◆ **WHAT YOU HAVE TO DO**
Copy whichever lines of the data hold the word "ezdxf".

◆ **Items from a dataset**
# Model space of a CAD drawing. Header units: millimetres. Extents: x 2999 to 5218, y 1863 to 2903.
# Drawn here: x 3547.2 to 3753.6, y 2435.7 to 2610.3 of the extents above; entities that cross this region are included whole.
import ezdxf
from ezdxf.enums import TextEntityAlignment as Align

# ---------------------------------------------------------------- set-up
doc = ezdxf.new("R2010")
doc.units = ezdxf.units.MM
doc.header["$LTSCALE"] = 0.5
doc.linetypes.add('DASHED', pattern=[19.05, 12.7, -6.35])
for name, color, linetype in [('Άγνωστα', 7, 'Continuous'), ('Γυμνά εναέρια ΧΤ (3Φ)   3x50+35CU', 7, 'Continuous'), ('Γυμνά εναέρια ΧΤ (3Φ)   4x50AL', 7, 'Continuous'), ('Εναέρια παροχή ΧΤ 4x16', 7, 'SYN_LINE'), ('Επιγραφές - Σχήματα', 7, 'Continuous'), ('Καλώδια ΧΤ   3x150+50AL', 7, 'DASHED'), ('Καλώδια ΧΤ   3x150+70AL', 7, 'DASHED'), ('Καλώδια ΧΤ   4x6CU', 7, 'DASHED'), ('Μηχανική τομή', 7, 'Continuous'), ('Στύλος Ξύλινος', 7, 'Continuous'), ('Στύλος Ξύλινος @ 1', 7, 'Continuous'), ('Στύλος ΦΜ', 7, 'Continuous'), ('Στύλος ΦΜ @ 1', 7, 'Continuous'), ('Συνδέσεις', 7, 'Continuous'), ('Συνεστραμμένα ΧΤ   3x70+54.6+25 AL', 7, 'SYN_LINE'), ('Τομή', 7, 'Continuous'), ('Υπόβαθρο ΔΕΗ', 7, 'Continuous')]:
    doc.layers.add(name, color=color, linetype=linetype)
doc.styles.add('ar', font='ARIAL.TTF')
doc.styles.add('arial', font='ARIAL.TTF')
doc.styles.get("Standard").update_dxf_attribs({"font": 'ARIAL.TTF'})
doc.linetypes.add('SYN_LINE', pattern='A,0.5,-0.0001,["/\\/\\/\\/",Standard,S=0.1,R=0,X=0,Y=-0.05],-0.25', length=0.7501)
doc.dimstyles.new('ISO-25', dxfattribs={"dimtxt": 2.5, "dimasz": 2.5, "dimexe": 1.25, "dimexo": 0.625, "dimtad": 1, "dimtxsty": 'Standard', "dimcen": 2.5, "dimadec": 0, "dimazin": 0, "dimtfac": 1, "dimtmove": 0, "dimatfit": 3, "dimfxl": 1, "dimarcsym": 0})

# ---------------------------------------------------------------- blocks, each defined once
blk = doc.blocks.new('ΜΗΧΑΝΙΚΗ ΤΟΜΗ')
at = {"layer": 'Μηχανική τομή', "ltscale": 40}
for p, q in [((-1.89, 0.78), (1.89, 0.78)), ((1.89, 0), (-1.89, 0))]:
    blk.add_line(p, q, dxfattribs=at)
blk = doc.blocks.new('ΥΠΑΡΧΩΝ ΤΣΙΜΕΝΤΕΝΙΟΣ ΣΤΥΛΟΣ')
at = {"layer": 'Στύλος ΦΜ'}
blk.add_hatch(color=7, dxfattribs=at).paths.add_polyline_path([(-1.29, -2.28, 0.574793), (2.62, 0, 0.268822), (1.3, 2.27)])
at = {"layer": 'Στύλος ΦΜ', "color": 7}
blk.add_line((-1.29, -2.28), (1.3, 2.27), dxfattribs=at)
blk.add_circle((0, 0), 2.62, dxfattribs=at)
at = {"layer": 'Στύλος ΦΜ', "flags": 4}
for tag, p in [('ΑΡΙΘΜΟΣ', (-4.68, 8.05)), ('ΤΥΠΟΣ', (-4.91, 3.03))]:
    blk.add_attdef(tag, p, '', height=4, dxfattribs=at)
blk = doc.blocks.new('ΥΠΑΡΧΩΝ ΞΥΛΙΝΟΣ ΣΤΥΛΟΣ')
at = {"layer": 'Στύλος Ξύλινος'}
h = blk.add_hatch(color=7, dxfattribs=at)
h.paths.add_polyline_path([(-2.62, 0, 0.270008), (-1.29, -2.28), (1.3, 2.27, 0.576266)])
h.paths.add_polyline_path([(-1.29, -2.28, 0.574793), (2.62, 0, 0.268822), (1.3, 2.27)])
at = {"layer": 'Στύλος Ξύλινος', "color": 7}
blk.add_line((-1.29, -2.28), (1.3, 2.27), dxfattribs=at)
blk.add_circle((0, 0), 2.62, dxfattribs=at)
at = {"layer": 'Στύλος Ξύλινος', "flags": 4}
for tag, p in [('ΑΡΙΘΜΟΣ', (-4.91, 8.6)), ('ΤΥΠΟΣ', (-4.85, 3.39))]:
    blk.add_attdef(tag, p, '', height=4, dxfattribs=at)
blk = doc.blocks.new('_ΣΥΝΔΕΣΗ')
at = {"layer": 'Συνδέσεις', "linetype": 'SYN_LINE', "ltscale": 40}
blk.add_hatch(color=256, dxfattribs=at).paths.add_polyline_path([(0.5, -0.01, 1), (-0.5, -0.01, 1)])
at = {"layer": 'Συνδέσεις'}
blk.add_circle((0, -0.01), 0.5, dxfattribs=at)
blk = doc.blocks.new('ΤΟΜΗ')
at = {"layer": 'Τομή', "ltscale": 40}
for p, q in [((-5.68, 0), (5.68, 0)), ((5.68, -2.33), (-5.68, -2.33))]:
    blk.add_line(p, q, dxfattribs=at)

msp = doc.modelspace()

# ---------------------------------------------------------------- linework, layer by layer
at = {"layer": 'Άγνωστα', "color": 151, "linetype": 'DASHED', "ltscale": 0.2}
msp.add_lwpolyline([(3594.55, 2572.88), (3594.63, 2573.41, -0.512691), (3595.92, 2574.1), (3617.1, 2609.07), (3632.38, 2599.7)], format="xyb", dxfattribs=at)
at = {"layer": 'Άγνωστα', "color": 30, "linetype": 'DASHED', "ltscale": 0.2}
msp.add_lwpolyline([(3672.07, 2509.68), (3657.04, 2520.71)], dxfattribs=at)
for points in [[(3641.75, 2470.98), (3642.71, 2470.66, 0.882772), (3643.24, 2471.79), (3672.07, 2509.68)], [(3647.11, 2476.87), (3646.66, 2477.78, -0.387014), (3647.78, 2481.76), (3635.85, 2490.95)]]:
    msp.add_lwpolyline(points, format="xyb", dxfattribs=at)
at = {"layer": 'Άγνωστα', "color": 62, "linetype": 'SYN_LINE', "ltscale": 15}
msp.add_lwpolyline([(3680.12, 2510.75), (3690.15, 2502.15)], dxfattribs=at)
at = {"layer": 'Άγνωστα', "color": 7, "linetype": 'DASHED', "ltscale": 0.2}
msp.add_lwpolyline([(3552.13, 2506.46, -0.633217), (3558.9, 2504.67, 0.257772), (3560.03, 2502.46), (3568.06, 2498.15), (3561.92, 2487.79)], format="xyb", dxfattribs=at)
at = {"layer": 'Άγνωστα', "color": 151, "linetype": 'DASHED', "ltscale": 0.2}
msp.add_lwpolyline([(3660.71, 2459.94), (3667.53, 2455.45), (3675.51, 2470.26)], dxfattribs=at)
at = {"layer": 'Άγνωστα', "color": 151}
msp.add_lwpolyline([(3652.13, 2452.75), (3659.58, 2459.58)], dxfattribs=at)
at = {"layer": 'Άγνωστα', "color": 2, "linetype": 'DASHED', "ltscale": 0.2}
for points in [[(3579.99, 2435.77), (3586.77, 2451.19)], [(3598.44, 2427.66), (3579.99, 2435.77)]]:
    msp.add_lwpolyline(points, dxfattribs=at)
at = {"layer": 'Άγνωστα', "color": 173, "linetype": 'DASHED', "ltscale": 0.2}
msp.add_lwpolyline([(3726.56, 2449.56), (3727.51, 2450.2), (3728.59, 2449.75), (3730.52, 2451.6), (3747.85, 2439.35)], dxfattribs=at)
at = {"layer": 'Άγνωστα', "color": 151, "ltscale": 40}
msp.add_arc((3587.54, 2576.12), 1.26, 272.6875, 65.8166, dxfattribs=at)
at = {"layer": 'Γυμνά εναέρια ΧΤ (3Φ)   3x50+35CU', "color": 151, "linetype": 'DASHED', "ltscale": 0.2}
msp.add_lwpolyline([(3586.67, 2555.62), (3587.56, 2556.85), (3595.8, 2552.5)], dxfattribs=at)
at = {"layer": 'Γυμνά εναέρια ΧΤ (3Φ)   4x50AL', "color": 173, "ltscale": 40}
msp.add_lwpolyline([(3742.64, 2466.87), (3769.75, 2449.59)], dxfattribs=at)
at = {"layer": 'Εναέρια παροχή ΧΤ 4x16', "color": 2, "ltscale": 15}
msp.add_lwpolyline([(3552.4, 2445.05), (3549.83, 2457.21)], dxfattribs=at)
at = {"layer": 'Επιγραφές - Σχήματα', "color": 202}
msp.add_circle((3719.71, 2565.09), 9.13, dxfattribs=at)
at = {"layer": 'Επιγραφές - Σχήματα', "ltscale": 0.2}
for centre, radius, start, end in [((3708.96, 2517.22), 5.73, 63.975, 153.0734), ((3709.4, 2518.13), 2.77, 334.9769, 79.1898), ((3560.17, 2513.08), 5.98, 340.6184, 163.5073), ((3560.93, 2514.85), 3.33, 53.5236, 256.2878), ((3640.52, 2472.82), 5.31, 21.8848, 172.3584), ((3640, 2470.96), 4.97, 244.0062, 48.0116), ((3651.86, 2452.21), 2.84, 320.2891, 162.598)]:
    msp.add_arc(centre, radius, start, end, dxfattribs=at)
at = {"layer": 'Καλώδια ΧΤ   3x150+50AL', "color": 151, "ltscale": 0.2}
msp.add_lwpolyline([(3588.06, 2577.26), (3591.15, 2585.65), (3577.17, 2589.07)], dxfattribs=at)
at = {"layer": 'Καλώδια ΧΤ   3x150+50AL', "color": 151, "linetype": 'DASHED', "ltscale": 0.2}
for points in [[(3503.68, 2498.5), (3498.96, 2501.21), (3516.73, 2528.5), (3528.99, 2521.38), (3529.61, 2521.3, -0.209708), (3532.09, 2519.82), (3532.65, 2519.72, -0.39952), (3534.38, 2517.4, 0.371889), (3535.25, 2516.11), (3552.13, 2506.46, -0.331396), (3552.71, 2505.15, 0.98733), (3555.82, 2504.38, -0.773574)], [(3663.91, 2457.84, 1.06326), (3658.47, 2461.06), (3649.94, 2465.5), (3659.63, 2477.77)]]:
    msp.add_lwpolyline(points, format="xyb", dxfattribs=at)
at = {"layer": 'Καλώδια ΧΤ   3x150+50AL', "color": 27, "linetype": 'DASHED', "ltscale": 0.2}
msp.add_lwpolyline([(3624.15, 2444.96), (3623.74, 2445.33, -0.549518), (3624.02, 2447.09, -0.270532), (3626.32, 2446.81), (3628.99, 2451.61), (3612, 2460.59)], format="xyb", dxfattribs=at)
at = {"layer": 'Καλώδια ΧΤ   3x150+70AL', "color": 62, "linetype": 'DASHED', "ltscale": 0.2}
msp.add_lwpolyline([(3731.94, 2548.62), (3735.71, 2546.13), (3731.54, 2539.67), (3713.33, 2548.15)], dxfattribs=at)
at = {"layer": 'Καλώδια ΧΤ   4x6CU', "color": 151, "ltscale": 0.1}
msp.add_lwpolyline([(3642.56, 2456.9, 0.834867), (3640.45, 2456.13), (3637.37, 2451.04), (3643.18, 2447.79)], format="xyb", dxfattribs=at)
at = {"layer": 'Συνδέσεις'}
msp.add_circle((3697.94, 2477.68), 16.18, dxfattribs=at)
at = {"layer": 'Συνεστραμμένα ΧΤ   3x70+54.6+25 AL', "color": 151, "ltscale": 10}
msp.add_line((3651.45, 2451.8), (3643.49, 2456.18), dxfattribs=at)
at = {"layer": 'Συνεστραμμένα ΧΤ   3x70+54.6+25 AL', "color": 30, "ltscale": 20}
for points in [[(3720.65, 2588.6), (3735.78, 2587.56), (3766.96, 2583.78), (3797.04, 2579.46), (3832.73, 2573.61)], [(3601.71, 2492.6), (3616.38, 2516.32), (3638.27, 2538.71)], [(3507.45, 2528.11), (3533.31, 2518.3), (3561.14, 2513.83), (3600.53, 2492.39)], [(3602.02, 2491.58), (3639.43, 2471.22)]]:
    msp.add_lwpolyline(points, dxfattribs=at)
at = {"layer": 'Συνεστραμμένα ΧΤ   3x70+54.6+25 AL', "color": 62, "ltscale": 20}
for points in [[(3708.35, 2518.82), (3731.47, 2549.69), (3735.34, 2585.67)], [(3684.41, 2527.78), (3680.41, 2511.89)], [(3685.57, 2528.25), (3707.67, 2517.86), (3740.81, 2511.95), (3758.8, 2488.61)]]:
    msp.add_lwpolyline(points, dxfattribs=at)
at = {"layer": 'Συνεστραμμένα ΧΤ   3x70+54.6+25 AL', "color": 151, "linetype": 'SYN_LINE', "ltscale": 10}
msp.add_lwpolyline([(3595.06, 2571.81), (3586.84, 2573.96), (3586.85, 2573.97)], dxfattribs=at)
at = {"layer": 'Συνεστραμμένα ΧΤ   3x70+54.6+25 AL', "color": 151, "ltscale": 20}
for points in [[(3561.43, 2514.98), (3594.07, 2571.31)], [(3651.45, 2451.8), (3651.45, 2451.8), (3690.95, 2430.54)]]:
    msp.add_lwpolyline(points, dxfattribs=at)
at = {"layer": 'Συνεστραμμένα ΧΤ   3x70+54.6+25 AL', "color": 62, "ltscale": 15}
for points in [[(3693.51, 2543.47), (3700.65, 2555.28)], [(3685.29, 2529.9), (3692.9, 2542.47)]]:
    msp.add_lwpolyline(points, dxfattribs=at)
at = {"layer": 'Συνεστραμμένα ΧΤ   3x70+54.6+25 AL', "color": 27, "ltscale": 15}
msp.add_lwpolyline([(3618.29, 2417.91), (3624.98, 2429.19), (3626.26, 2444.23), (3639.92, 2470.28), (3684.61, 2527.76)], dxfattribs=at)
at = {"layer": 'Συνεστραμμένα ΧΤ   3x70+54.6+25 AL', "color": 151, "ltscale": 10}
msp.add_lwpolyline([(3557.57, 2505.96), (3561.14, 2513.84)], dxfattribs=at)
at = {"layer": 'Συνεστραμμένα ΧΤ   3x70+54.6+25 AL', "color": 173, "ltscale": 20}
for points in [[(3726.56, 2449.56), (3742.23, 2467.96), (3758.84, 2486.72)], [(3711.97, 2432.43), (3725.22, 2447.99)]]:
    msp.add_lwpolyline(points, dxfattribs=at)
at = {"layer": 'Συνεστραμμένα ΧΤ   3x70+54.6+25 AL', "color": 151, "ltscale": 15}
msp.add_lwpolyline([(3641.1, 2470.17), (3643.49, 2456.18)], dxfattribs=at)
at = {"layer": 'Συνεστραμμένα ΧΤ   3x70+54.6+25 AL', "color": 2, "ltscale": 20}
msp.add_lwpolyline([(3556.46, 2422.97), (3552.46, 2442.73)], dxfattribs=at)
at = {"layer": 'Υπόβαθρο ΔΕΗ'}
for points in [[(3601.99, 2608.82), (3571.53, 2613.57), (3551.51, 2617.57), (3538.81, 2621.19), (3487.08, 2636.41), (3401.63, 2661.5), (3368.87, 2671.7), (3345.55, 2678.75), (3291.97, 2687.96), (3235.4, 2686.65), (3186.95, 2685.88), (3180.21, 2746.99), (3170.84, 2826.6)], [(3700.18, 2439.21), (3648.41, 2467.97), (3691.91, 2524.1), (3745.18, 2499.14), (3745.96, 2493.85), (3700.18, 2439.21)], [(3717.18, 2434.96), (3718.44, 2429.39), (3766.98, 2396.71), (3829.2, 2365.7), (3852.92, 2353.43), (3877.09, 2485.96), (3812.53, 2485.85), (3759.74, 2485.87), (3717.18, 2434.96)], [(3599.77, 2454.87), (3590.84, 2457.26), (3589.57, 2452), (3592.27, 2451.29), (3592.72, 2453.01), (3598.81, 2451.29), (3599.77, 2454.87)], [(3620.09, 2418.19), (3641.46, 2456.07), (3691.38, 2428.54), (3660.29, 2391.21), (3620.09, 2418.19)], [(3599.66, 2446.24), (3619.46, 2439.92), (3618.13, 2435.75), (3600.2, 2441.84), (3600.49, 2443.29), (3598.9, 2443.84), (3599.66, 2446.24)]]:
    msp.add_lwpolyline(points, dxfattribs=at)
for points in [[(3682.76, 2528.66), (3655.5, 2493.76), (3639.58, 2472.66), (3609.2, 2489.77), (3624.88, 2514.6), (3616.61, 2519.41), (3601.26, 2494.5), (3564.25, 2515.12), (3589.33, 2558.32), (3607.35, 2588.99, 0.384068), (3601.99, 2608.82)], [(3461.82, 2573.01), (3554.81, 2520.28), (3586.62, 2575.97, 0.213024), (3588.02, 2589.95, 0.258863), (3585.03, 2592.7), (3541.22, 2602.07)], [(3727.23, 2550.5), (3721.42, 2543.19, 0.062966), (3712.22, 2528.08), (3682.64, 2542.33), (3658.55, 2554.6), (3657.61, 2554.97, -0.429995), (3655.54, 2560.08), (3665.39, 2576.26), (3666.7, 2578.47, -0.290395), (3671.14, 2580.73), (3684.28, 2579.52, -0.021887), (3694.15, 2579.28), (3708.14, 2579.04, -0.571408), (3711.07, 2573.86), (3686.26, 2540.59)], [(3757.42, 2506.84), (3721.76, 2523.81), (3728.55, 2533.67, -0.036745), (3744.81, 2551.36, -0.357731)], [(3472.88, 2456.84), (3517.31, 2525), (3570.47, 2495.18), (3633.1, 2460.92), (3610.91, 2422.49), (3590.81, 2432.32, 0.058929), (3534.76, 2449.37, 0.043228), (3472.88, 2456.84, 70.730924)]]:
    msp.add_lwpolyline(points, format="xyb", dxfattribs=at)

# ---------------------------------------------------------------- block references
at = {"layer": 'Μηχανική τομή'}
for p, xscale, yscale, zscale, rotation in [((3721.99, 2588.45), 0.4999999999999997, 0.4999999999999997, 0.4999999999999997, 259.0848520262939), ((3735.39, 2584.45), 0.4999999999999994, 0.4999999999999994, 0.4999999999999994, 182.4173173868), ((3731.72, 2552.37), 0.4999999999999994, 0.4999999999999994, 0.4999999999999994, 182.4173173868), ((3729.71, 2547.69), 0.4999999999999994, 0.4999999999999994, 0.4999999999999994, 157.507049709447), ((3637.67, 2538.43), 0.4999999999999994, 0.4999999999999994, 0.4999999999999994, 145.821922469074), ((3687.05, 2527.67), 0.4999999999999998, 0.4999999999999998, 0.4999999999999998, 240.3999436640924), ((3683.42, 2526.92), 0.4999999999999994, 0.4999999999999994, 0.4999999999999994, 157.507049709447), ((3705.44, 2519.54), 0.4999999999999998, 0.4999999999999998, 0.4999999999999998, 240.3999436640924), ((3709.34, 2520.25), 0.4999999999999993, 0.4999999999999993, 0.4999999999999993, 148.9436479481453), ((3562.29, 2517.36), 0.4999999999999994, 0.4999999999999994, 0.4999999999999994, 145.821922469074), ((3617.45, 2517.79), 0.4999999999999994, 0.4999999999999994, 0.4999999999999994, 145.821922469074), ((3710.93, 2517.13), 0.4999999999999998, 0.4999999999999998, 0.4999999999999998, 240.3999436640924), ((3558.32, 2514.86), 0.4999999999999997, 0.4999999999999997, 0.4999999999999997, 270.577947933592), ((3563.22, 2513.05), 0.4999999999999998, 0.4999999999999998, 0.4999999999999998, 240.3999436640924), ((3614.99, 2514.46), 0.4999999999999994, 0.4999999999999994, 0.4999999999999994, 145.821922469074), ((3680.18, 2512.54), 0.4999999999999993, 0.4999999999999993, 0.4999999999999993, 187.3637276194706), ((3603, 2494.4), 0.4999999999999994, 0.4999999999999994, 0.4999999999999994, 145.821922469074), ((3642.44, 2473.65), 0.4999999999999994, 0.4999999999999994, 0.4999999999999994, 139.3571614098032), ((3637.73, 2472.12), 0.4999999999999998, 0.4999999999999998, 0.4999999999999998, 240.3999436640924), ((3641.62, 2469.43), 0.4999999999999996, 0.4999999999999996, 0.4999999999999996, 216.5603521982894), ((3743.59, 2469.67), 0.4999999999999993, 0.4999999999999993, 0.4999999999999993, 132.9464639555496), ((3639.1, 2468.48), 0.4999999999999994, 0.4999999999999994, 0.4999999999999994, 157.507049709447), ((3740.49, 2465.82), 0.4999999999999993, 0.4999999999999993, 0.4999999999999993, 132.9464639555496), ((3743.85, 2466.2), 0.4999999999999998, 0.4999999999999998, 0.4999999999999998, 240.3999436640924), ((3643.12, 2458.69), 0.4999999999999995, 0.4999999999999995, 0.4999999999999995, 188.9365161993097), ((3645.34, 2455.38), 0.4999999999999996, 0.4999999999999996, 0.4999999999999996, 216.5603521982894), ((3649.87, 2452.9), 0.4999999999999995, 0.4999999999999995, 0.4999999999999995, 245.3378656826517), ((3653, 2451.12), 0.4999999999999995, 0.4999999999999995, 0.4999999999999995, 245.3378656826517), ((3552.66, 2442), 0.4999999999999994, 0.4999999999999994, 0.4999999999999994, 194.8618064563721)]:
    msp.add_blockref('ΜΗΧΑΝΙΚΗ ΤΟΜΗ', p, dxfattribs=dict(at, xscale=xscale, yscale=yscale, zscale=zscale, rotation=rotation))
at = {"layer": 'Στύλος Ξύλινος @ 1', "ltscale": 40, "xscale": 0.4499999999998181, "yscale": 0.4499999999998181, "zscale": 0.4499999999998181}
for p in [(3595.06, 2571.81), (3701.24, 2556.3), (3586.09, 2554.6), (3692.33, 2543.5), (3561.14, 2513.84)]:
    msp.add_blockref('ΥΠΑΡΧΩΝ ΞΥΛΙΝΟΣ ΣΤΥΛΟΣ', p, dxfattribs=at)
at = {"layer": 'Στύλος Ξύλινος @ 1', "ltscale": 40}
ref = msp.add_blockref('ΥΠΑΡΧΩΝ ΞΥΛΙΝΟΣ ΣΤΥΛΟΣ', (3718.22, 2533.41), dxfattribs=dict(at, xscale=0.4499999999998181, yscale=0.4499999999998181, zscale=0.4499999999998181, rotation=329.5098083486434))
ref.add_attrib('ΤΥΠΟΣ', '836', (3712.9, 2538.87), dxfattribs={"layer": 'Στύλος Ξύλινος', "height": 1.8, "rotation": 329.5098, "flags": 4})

◆ **THE COMPLETED TASK**
import ezdxf
from ezdxf.enums import TextEntityAlignment as Align
doc = ezdxf.new("R2010")
doc.units = ezdxf.units.MM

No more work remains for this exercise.